_YOUR ASSIGNMENT:_ From the listing below, copy only the lines running from the line that contains "line L10 (32, 0) -> (32, -5)" to the line that contains "line L3 (-60, 0) -> (-75.5, 0)", both included.

_EXTRACTED ENTRIES:_
BEGIN

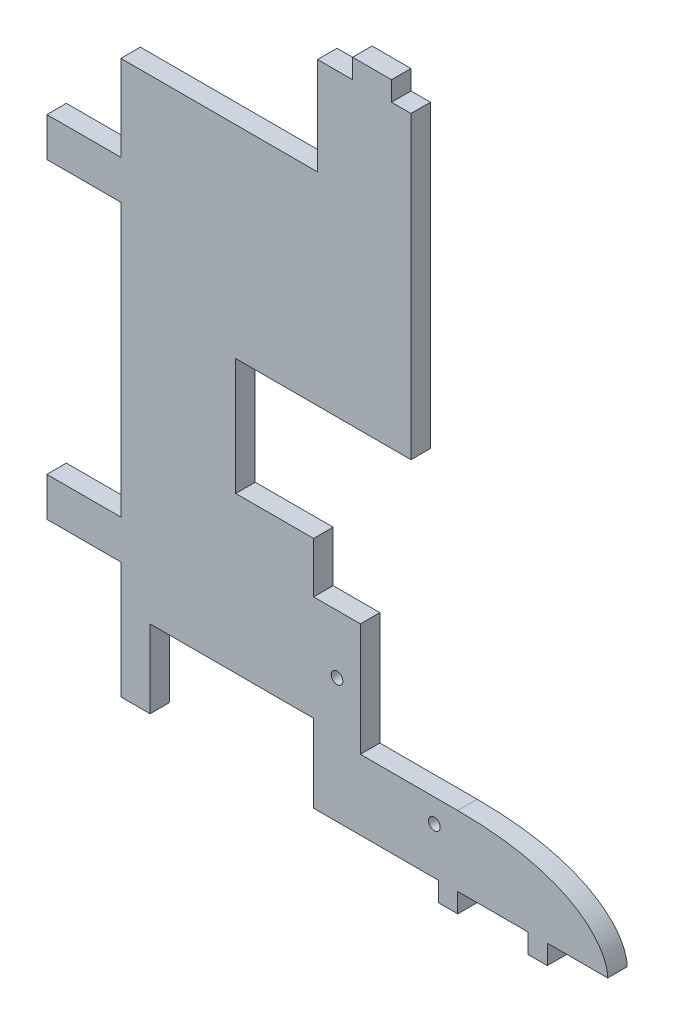
SolidWorks part; units mm, degrees
ref_plane "Plan de face" through (0, 0, 0) normal (0, 0, 1) x (1, 0, 0)
ref_plane "Plan de dessus" through (0, 0, 0) normal (0, 1, 0) x (1, 0, 0)
ref_plane "Plan de droite" through (0, 0, 0) normal (1, 0, 0) x (0, 0, -1)
sketch "Esquisse1" plane through (0, 0, 0) normal (0, 0, 1) x (1, 0, 0)
  line L1 (0, 0) -> (32, 0)
  line L2 (0, 0) -> (0, 47)
  line L3 (0, 47) -> (12, 47)
  line L4 (37, 0) -> (37, 18)
  line L6 (12, 47) -> (12, 18)
  line L7 (12, 18) -> (37, 18)
  line L8 (37, 0) -> (37, -5)
  line L9 (37, -5) -> (32, -5)
  line L10 (32, 0) -> (32, -5)
  circle A0 centre (6, 32) radius 1.5
  circle A1 centre (31, 12) radius 1.5
  dimension "D3" = 20
  dimension "D4" = 3
  dimension "D1" = 6
  dimension "D2" = 12
  dimension "D5" = 15
  dimension "D6" = 6
  dimension "D7" = 25
  dimension "D8" = 6
  dimension "D9" = 6
  dimension "D10" = 5
  dimension "D11" = 5
extrude "Boss.-Extru.1" add sketch "Esquisse1" along normal blind 5
sketch "Esquisse2" plane through (0, 0, 0) normal (0, 0, -1) x (-1, 0, 0)
  line L0 (-37, 18) -> (-12, 18) construction
  line L1 (-37, 0) -> (-55, 0)
  line L2 (-37, 0) -> (-37, 18)
  line L3 (-60, 0) -> (-75.5, 0)
  line L4 (42, 0) -> (49.5, 0)
  line L5 (0, 20) -> (0, 60)
  line L6 (0, 60) -> (20, 60)
  line L7 (-10, 167) -> (-1, 167)
  line L8 (0, 0) -> (-32, 0) construction
  line L9 (20, 60) -> (20, 90)
  line L10 (49.5, 120) -> (49.5, 142)
  line L11 (49.5, 0) -> (49.5, 30)
  line L12 (49.5, 30) -> (68.5, 30)
  line L14 (49.5, 40) -> (68.5, 40)
  line L15 (-60, 0) -> (-60, -5)
  line L16 (-60, -5) -> (-55, -5)
  line L17 (-55, 0) -> (-55, -5)
  line L18 (0, 20) -> (42, 20)
  line L19 (68.5, 30) -> (68.5, 40)
  line L20 (49.5, 120) -> (68.5, 120)
  line L21 (49.5, 40) -> (49.5, 110)
  line L22 (0, 47) -> (0, 0) construction
  line L23 (-20, 167) -> (-20, 172)
  line L24 (-20, 172) -> (-10, 172)
  line L25 (-10, 167) -> (-10, 172)
  line L26 (0, 0) -> (-32, 0) construction
  line L27 (42, 20) -> (42, 0)
  line L28 (49.5, 110) -> (68.5, 110)
  line L29 (-37, -5) -> (-37, 18) construction
  line L30 (-1, 167) -> (-1, 142)
  line L31 (20, 90) -> (-25, 90)
  line L32 (-1, 142) -> (49.5, 142)
  line L33 (-20, 167) -> (-25, 167)
  line L34 (-25, 90) -> (-25, 167)
  line L35 (68.5, 120) -> (68.5, 110)
  spline S0 degree 3 poles (-75.5, 0) (-75.5, 5.9822) (-67.6854, 18) (-37, 18) knots 0 0 0 0 1 1 1 1
  dimension "D1" = 38.5
  dimension "D2" = 20
  dimension "D3" = 167
  dimension "D4" = 49.5
  dimension "D5" = 5
  dimension "D6" = 30
  dimension "D7" = 10
  dimension "D8" = 10
  dimension "D9" = 30
  dimension "D10" = 70
  dimension "D11" = 19
  dimension "D12" = 5
  dimension "D13" = 42
  dimension "D14" = 20
  dimension "D15" = 40
  dimension "D16" = 45
  dimension "D17" = 5
  dimension "D19" = 25
  dimension "D21" = 24
extrude "Boss.-Extru.2" add sketch "Esquisse2" against normal blind 5
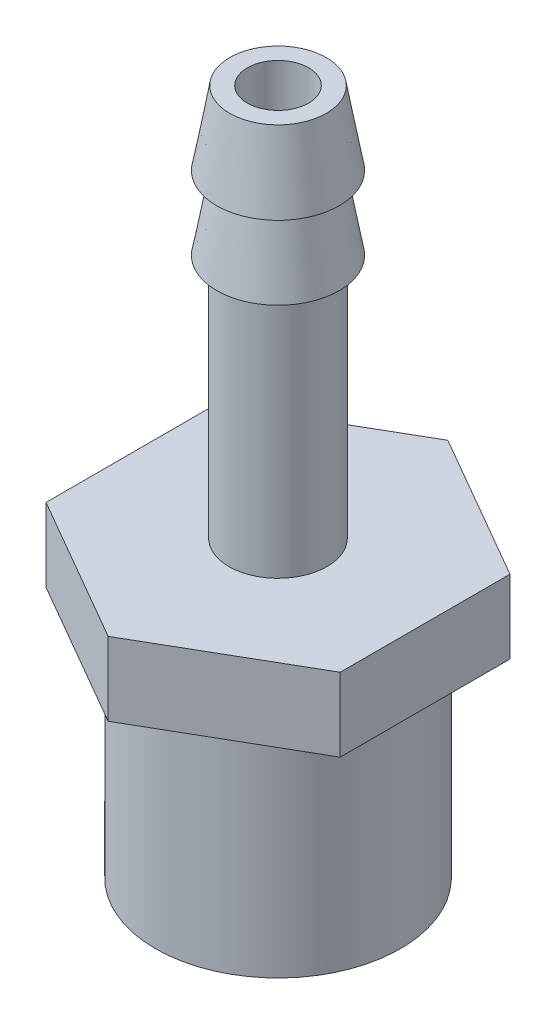
SolidWorks part; units mm, degrees
ref_plane "Plan de face" through (0, 0, 0) normal (0, 0, 1) x (1, 0, 0)
ref_plane "Plan de dessus" through (0, 0, 0) normal (0, 1, 0) x (1, 0, 0)
ref_plane "Plan de droite" through (0, 0, 0) normal (1, 0, 0) x (0, 0, -1)
sketch "Esquisse2" plane through (0, 0, 0) normal (0, 1, 0) x (1, 0, 0)
  line L0 (0, 6.9282) -> (0, 0) construction
  line L1 (0, 6.9282) -> (-6, 3.4641)
  line L2 (-6, 3.4641) -> (-6, -3.4641)
  line L3 (-6, -3.4641) -> (0, -6.9282)
  line L4 (0, -6.9282) -> (6, -3.4641)
  line L5 (6, -3.4641) -> (6, 3.4641)
  line L6 (6, 3.4641) -> (0, 6.9282)
  circle A0 centre (0, 0) radius 6 construction
  dimension "D1" = 12
extrude "Extrusion1" add sketch "Esquisse2" along normal blind 3
sketch "Esquisse3" plane through (0, 0, 0) normal (0, -1, 0) x (1, 0, 0)
  circle A0 centre (0, 0) radius 5
  circle A1 centre (0, 0) radius 3.5
  dimension "D1" = 10
  dimension "D2" = 7
extrude "Extrusion2" add sketch "Esquisse3" along normal blind 9
sketch "Esquisse4" plane through (0, 3, 0) normal (0, 1, 0) x (-1, 0, 0)
  circle A0 centre (0, 0) radius 2
  dimension "D1" = 4
extrude "Extrusion3" add sketch "Esquisse4" along normal blind 10
sketch "Esquisse5" plane through (0, 13, 0) normal (0, 1, 0) x (1, 0, 0)
  circle A0 centre (0, 0) radius 2.5
  dimension "D1" = 5
extrude "Extrusion4" add sketch "Esquisse5" along normal blind 3
chamfer "Chanfrein1" distance 3 angle 10 1 edges at (0, 16, 2.5) first distance on face at (0, 16, 2.5)
sketch "Esquisse6" plane through (0, 16, 0) normal (0, 1, 0) x (1, 0, 0)
  circle A0 centre (0, 0) radius 2.5
  dimension "D1" = 5
extrude "Extrusion5" add sketch "Esquisse6" along normal blind 3
chamfer "Chanfrein2" distance 3 angle 10 1 edges at (0, 19, 2.5) first distance on face at (0, 19, 2.5)
sketch "Esquisse7" plane through (0, 19, 0) normal (0, 1, 0) x (1, 0, 0)
  circle A0 centre (0, 0) radius 1.25
  dimension "D1" = 2.5
extrude "Extrusion6" cut sketch "Esquisse7" against normal up to next
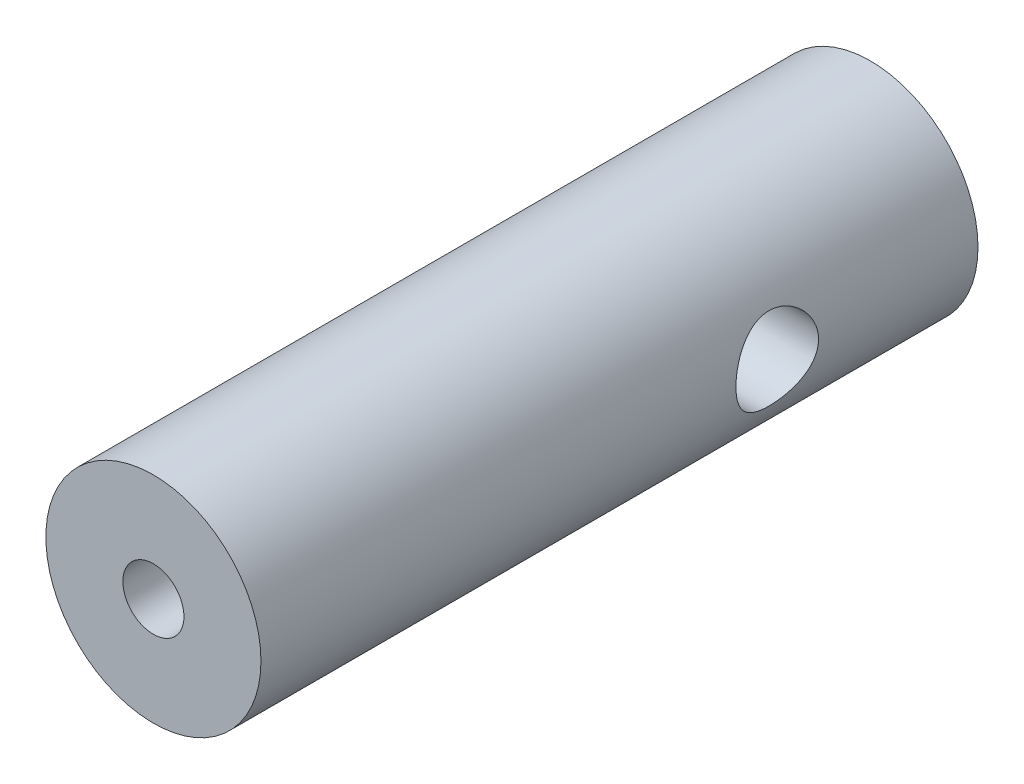
SolidWorks part; units mm, degrees
ref_plane "Front Plane" through (0, 0, 0) normal (0, 0, 1) x (1, 0, 0)
ref_plane "Top Plane" through (0, 0, 0) normal (0, 1, 0) x (1, 0, 0)
ref_plane "Right Plane" through (0, 0, 0) normal (1, 0, 0) x (0, 0, -1)
sketch "Sketch1" plane through (0, 0, 0) normal (0, 0, 1) x (1, 0, 0)
  circle A0 centre (0, 0) radius 4.7625
  dimension "D1" = 9.525
extrude "Boss-Extrude1" add sketch "Sketch1" along normal blind 31.75
sketch "Sketch2" plane through (0, 0, 31.75) normal (0, 0, 1) x (1, 0, 0)
  circle A0 centre (0, 0) radius 1.905
  dimension "D1" = 3.81
extrude "Cut-Extrude1" [suppressed] cut sketch "Sketch2" against normal blind 12.7
sketch "Sketch3" plane through (0, 0, 0) normal (1, 0, 0) x (0, 0, -1)
  line L0 (-31.75, 4.7625) -> (-31.75, -4.7625) construction
  circle A0 centre (-8.89, 0) radius 1.8288
  dimension "D2" = 3.6576
  dimension "D1" = 22.86
extrude "Cut-Extrude2" cut sketch "Sketch3" against normal through all and the other way through all
hole_wizard "#6-32 Tapped Hole1" positions "Sketch5" profile "Sketch6" tap size "#6-32" standard "ANSI Inch"
sketch "Sketch5" plane through (0, 0, 31.75) normal (0, 0, 1) x (1, 0, 0)
  point P0 (0, 0)
sketch "Sketch6" plane through (0, 0, 31.75) normal (1, 0, 0) x (0, -1, 0)
  line L0 (0, 0) -> (0, 13.5127)
  line L1 (0, 13.5127) -> (1.3525, 12.7)
  line L2 (1.3525, 12.7) -> (1.3525, 0)
  line L5 (1.3525, 0) -> (0, 0)
  line L10 (0, 13.5127) -> (-1.3526, 12.7) construction
  line L11 (0, -6.35) -> (0, 107.95) construction
  dimension "Tap Drill Dia." = 2.7051
  dimension "Tap Drill Depth" = 12.7
  dimension "Drill Angle" = 118
cosmetic thread "Hole Thread1" parameters "D1"=1.0644, "D2"=3.5052

END

_EXERCISE SOLUTION:_
  line L10 (32, 0) -> (32, -5)
  circle A0 centre (6, 32) radius 1.5
  circle A1 centre (31, 12) radius 1.5
  dimension "D3" = 20
  dimension "D4" = 3
  dimension "D1" = 6
  dimension "D2" = 12
  dimension "D5" = 15
  dimension "D6" = 6
  dimension "D7" = 25
  dimension "D8" = 6
  dimension "D9" = 6
  dimension "D10" = 5
  dimension "D11" = 5
extrude "Boss.-Extru.1" add sketch "Esquisse1" along normal blind 5
sketch "Esquisse2" plane through (0, 0, 0) normal (0, 0, -1) x (-1, 0, 0)
  line L0 (-37, 18) -> (-12, 18) construction
  line L1 (-37, 0) -> (-55, 0)
  line L2 (-37, 0) -> (-37, 18)
  line L3 (-60, 0) -> (-75.5, 0)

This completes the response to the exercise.